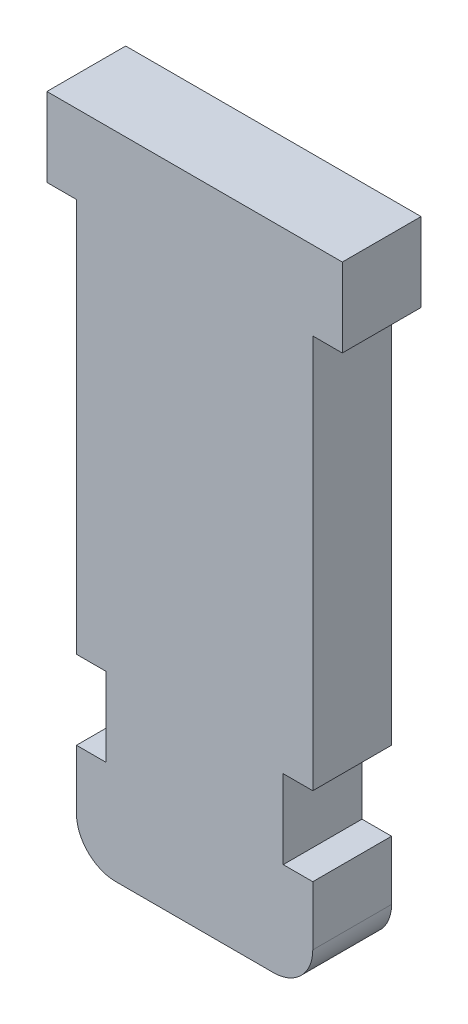
ISO-10303-21;
HEADER;
FILE_DESCRIPTION(('STEP AP214'),'2;1');
FILE_NAME('part.step','',(''),(''),'','','');
FILE_SCHEMA(('AUTOMOTIVE_DESIGN { 1 0 10303 214 1 1 1 1 }'));
ENDSEC;
DATA;
#1=APPLICATION_CONTEXT('core data for automotive mechanical design processes');
#2=APPLICATION_PROTOCOL_DEFINITION('international standard','automotive_design',2000,#1);
#3=PRODUCT_CONTEXT('',#1,'mechanical');
#4=PRODUCT('Part','Part','',(#3));
#5=PRODUCT_RELATED_PRODUCT_CATEGORY('part','',(#4));
#6=PRODUCT_DEFINITION_FORMATION('','',#4);
#7=PRODUCT_DEFINITION_CONTEXT('part definition',#1,'design');
#8=PRODUCT_DEFINITION('design','',#6,#7);
#9=PRODUCT_DEFINITION_SHAPE('','',#8);
#10=(LENGTH_UNIT() NAMED_UNIT(*) SI_UNIT(.MILLI.,.METRE.));
#11=(NAMED_UNIT(*) PLANE_ANGLE_UNIT() SI_UNIT($,.RADIAN.));
#12=(NAMED_UNIT(*) SI_UNIT($,.STERADIAN.) SOLID_ANGLE_UNIT());
#13=UNCERTAINTY_MEASURE_WITH_UNIT(LENGTH_MEASURE(1.E-05),#10,'distance_accuracy_value','');
#14=(GEOMETRIC_REPRESENTATION_CONTEXT(3) GLOBAL_UNCERTAINTY_ASSIGNED_CONTEXT((#13)) GLOBAL_UNIT_ASSIGNED_CONTEXT((#10,
#11,#12)) REPRESENTATION_CONTEXT('',''));
#15=CARTESIAN_POINT('',(0.,0.,0.));
#16=DIRECTION('',(0.,0.,1.));
#17=DIRECTION('',(1.,0.,0.));
#18=AXIS2_PLACEMENT_3D('',#15,#16,#17);
#19=CARTESIAN_POINT('',(-6.,0.,4.));
#20=DIRECTION('',(-1.,0.,0.));
#21=DIRECTION('',(0.,-1.,0.));
#22=AXIS2_PLACEMENT_3D('',#19,#20,#21);
#23=PLANE('',#22);
#24=DIRECTION('',(0.,0.,1.));
#25=VECTOR('',#24,1.);
#26=CARTESIAN_POINT('',(-6.,-22.,0.));
#27=LINE('',#26,#25);
#28=CARTESIAN_POINT('',(-6.,-22.,0.));
#29=VERTEX_POINT('',#28);
#30=CARTESIAN_POINT('',(-6.,-22.,4.));
#31=VERTEX_POINT('',#30);
#32=EDGE_CURVE('E366',#29,#31,#27,.T.);
#33=ORIENTED_EDGE('',*,*,#32,.T.);
#34=DIRECTION('',(0.,1.,0.));
#35=VECTOR('',#34,1.);
#36=CARTESIAN_POINT('',(-6.,0.,4.));
#37=LINE('',#36,#35);
#38=CARTESIAN_POINT('',(-6.,-2.,4.));
#39=VERTEX_POINT('',#38);
#40=EDGE_CURVE('E222',#31,#39,#37,.T.);
#41=ORIENTED_EDGE('',*,*,#40,.T.);
#42=DIRECTION('',(0.,0.,-1.));
#43=VECTOR('',#42,1.);
#44=CARTESIAN_POINT('',(-6.,-2.,4.));
#45=LINE('',#44,#43);
#46=CARTESIAN_POINT('',(-6.,-2.,0.));
#47=VERTEX_POINT('',#46);
#48=EDGE_CURVE('E254',#39,#47,#45,.T.);
#49=ORIENTED_EDGE('',*,*,#48,.T.);
#50=DIRECTION('',(0.,1.,0.));
#51=VECTOR('',#50,1.);
#52=CARTESIAN_POINT('',(-6.,0.,0.));
#53=LINE('',#52,#51);
#54=EDGE_CURVE('E169',#29,#47,#53,.T.);
#55=ORIENTED_EDGE('',*,*,#54,.F.);
#56=EDGE_LOOP('',(#33,#41,#49,#55));
#57=FACE_BOUND('',#56,.T.);
#58=ADVANCED_FACE('F35',(#57),#23,.T.);
#59=CARTESIAN_POINT('',(6.,0.,4.));
#60=DIRECTION('',(-1.,0.,0.));
#61=DIRECTION('',(0.,-1.,0.));
#62=AXIS2_PLACEMENT_3D('',#59,#60,#61);
#63=PLANE('',#62);
#64=DIRECTION('',(0.,1.,0.));
#65=VECTOR('',#64,1.);
#66=CARTESIAN_POINT('',(6.,0.,4.));
#67=LINE('',#66,#65);
#68=CARTESIAN_POINT('',(6.00000000000001,-22.,4.));
#69=VERTEX_POINT('',#68);
#70=CARTESIAN_POINT('',(6.,-2.,4.));
#71=VERTEX_POINT('',#70);
#72=EDGE_CURVE('E224',#69,#71,#67,.T.);
#73=ORIENTED_EDGE('',*,*,#72,.F.);
#74=DIRECTION('',(0.,0.,1.));
#75=VECTOR('',#74,1.);
#76=CARTESIAN_POINT('',(6.00000000000001,-22.,0.));
#77=LINE('',#76,#75);
#78=CARTESIAN_POINT('',(6.00000000000001,-22.,0.));
#79=VERTEX_POINT('',#78);
#80=EDGE_CURVE('E211',#79,#69,#77,.T.);
#81=ORIENTED_EDGE('',*,*,#80,.F.);
#82=DIRECTION('',(0.,1.,0.));
#83=VECTOR('',#82,1.);
#84=CARTESIAN_POINT('',(6.,0.,0.));
#85=LINE('',#84,#83);
#86=CARTESIAN_POINT('',(6.,-2.,0.));
#87=VERTEX_POINT('',#86);
#88=EDGE_CURVE('E239',#79,#87,#85,.T.);
#89=ORIENTED_EDGE('',*,*,#88,.T.);
#90=DIRECTION('',(0.,0.,-1.));
#91=VECTOR('',#90,1.);
#92=CARTESIAN_POINT('',(6.,-2.,4.));
#93=LINE('',#92,#91);
#94=EDGE_CURVE('E266',#71,#87,#93,.T.);
#95=ORIENTED_EDGE('',*,*,#94,.F.);
#96=EDGE_LOOP('',(#73,#81,#89,#95));
#97=FACE_BOUND('',#96,.T.);
#98=ADVANCED_FACE('F301',(#97),#63,.F.);
#99=CARTESIAN_POINT('',(-6.,-29.,0.));
#100=VERTEX_POINT('',#99);
#101=CARTESIAN_POINT('',(-6.,-26.,0.));
#102=VERTEX_POINT('',#101);
#103=EDGE_CURVE('E159',#100,#102,#53,.T.);
#104=ORIENTED_EDGE('',*,*,#103,.F.);
#105=DIRECTION('',(0.,0.,-1.));
#106=VECTOR('',#105,1.);
#107=CARTESIAN_POINT('',(-6.,-29.,4.));
#108=LINE('',#107,#106);
#109=CARTESIAN_POINT('',(-6.,-29.,4.));
#110=VERTEX_POINT('',#109);
#111=EDGE_CURVE('E11',#100,#110,#108,.F.);
#112=ORIENTED_EDGE('',*,*,#111,.T.);
#113=CARTESIAN_POINT('',(-6.,-26.,4.));
#114=VERTEX_POINT('',#113);
#115=EDGE_CURVE('E183',#110,#114,#37,.T.);
#116=ORIENTED_EDGE('',*,*,#115,.T.);
#117=DIRECTION('',(0.,0.,1.));
#118=VECTOR('',#117,1.);
#119=CARTESIAN_POINT('',(-6.,-26.,0.));
#120=LINE('',#119,#118);
#121=EDGE_CURVE('E176',#102,#114,#120,.T.);
#122=ORIENTED_EDGE('',*,*,#121,.F.);
#123=EDGE_LOOP('',(#104,#112,#116,#122));
#124=FACE_BOUND('',#123,.T.);
#125=ADVANCED_FACE('F182',(#124),#23,.T.);
#126=CARTESIAN_POINT('',(0.,-31.,4.));
#127=DIRECTION('',(0.,-1.,0.));
#128=DIRECTION('',(0.,0.,-1.));
#129=AXIS2_PLACEMENT_3D('',#126,#127,#128);
#130=PLANE('',#129);
#131=DIRECTION('',(-1.,0.,0.));
#132=VECTOR('',#131,1.);
#133=CARTESIAN_POINT('',(0.,-31.,0.));
#134=LINE('',#133,#132);
#135=CARTESIAN_POINT('',(4.,-31.,0.));
#136=VERTEX_POINT('',#135);
#137=CARTESIAN_POINT('',(-4.,-31.,0.));
#138=VERTEX_POINT('',#137);
#139=EDGE_CURVE('E168',#136,#138,#134,.T.);
#140=ORIENTED_EDGE('',*,*,#139,.F.);
#141=DIRECTION('',(0.,0.,-1.));
#142=VECTOR('',#141,1.);
#143=CARTESIAN_POINT('',(4.,-31.,4.));
#144=LINE('',#143,#142);
#145=CARTESIAN_POINT('',(4.,-31.,4.));
#146=VERTEX_POINT('',#145);
#147=EDGE_CURVE('E278',#136,#146,#144,.F.);
#148=ORIENTED_EDGE('',*,*,#147,.T.);
#149=DIRECTION('',(-1.,0.,0.));
#150=VECTOR('',#149,1.);
#151=CARTESIAN_POINT('',(0.,-31.,4.));
#152=LINE('',#151,#150);
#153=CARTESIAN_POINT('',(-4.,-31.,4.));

*-*-*

◆ How to complete this task:
An exact copy of the lines above, from the one containing "#69=VERTEX_POINT('',#68);" down to the one containing "#118=VECTOR('',#117,1.);" and including both, is the whole answer; retype it and nothing else.

◆ Answer section:
#69=VERTEX_POINT('',#68);
#70=CARTESIAN_POINT('',(6.,-2.,4.));
#71=VERTEX_POINT('',#70);
#72=EDGE_CURVE('E224',#69,#71,#67,.T.);
#73=ORIENTED_EDGE('',*,*,#72,.F.);
#74=DIRECTION('',(0.,0.,1.));
#75=VECTOR('',#74,1.);
#76=CARTESIAN_POINT('',(6.00000000000001,-22.,0.));
#77=LINE('',#76,#75);
#78=CARTESIAN_POINT('',(6.00000000000001,-22.,0.));
#79=VERTEX_POINT('',#78);
#80=EDGE_CURVE('E211',#79,#69,#77,.T.);
#81=ORIENTED_EDGE('',*,*,#80,.F.);
#82=DIRECTION('',(0.,1.,0.));
#83=VECTOR('',#82,1.);
#84=CARTESIAN_POINT('',(6.,0.,0.));
#85=LINE('',#84,#83);
#86=CARTESIAN_POINT('',(6.,-2.,0.));
#87=VERTEX_POINT('',#86);
#88=EDGE_CURVE('E239',#79,#87,#85,.T.);
#89=ORIENTED_EDGE('',*,*,#88,.T.);
#90=DIRECTION('',(0.,0.,-1.));
#91=VECTOR('',#90,1.);
#92=CARTESIAN_POINT('',(6.,-2.,4.));
#93=LINE('',#92,#91);
#94=EDGE_CURVE('E266',#71,#87,#93,.T.);
#95=ORIENTED_EDGE('',*,*,#94,.F.);
#96=EDGE_LOOP('',(#73,#81,#89,#95));
#97=FACE_BOUND('',#96,.T.);
#98=ADVANCED_FACE('F301',(#97),#63,.F.);
#99=CARTESIAN_POINT('',(-6.,-29.,0.));
#100=VERTEX_POINT('',#99);
#101=CARTESIAN_POINT('',(-6.,-26.,0.));
#102=VERTEX_POINT('',#101);
#103=EDGE_CURVE('E159',#100,#102,#53,.T.);
#104=ORIENTED_EDGE('',*,*,#103,.F.);
#105=DIRECTION('',(0.,0.,-1.));
#106=VECTOR('',#105,1.);
#107=CARTESIAN_POINT('',(-6.,-29.,4.));
#108=LINE('',#107,#106);
#109=CARTESIAN_POINT('',(-6.,-29.,4.));
#110=VERTEX_POINT('',#109);
#111=EDGE_CURVE('E11',#100,#110,#108,.F.);
#112=ORIENTED_EDGE('',*,*,#111,.T.);
#113=CARTESIAN_POINT('',(-6.,-26.,4.));
#114=VERTEX_POINT('',#113);
#115=EDGE_CURVE('E183',#110,#114,#37,.T.);
#116=ORIENTED_EDGE('',*,*,#115,.T.);
#117=DIRECTION('',(0.,0.,1.));
#118=VECTOR('',#117,1.);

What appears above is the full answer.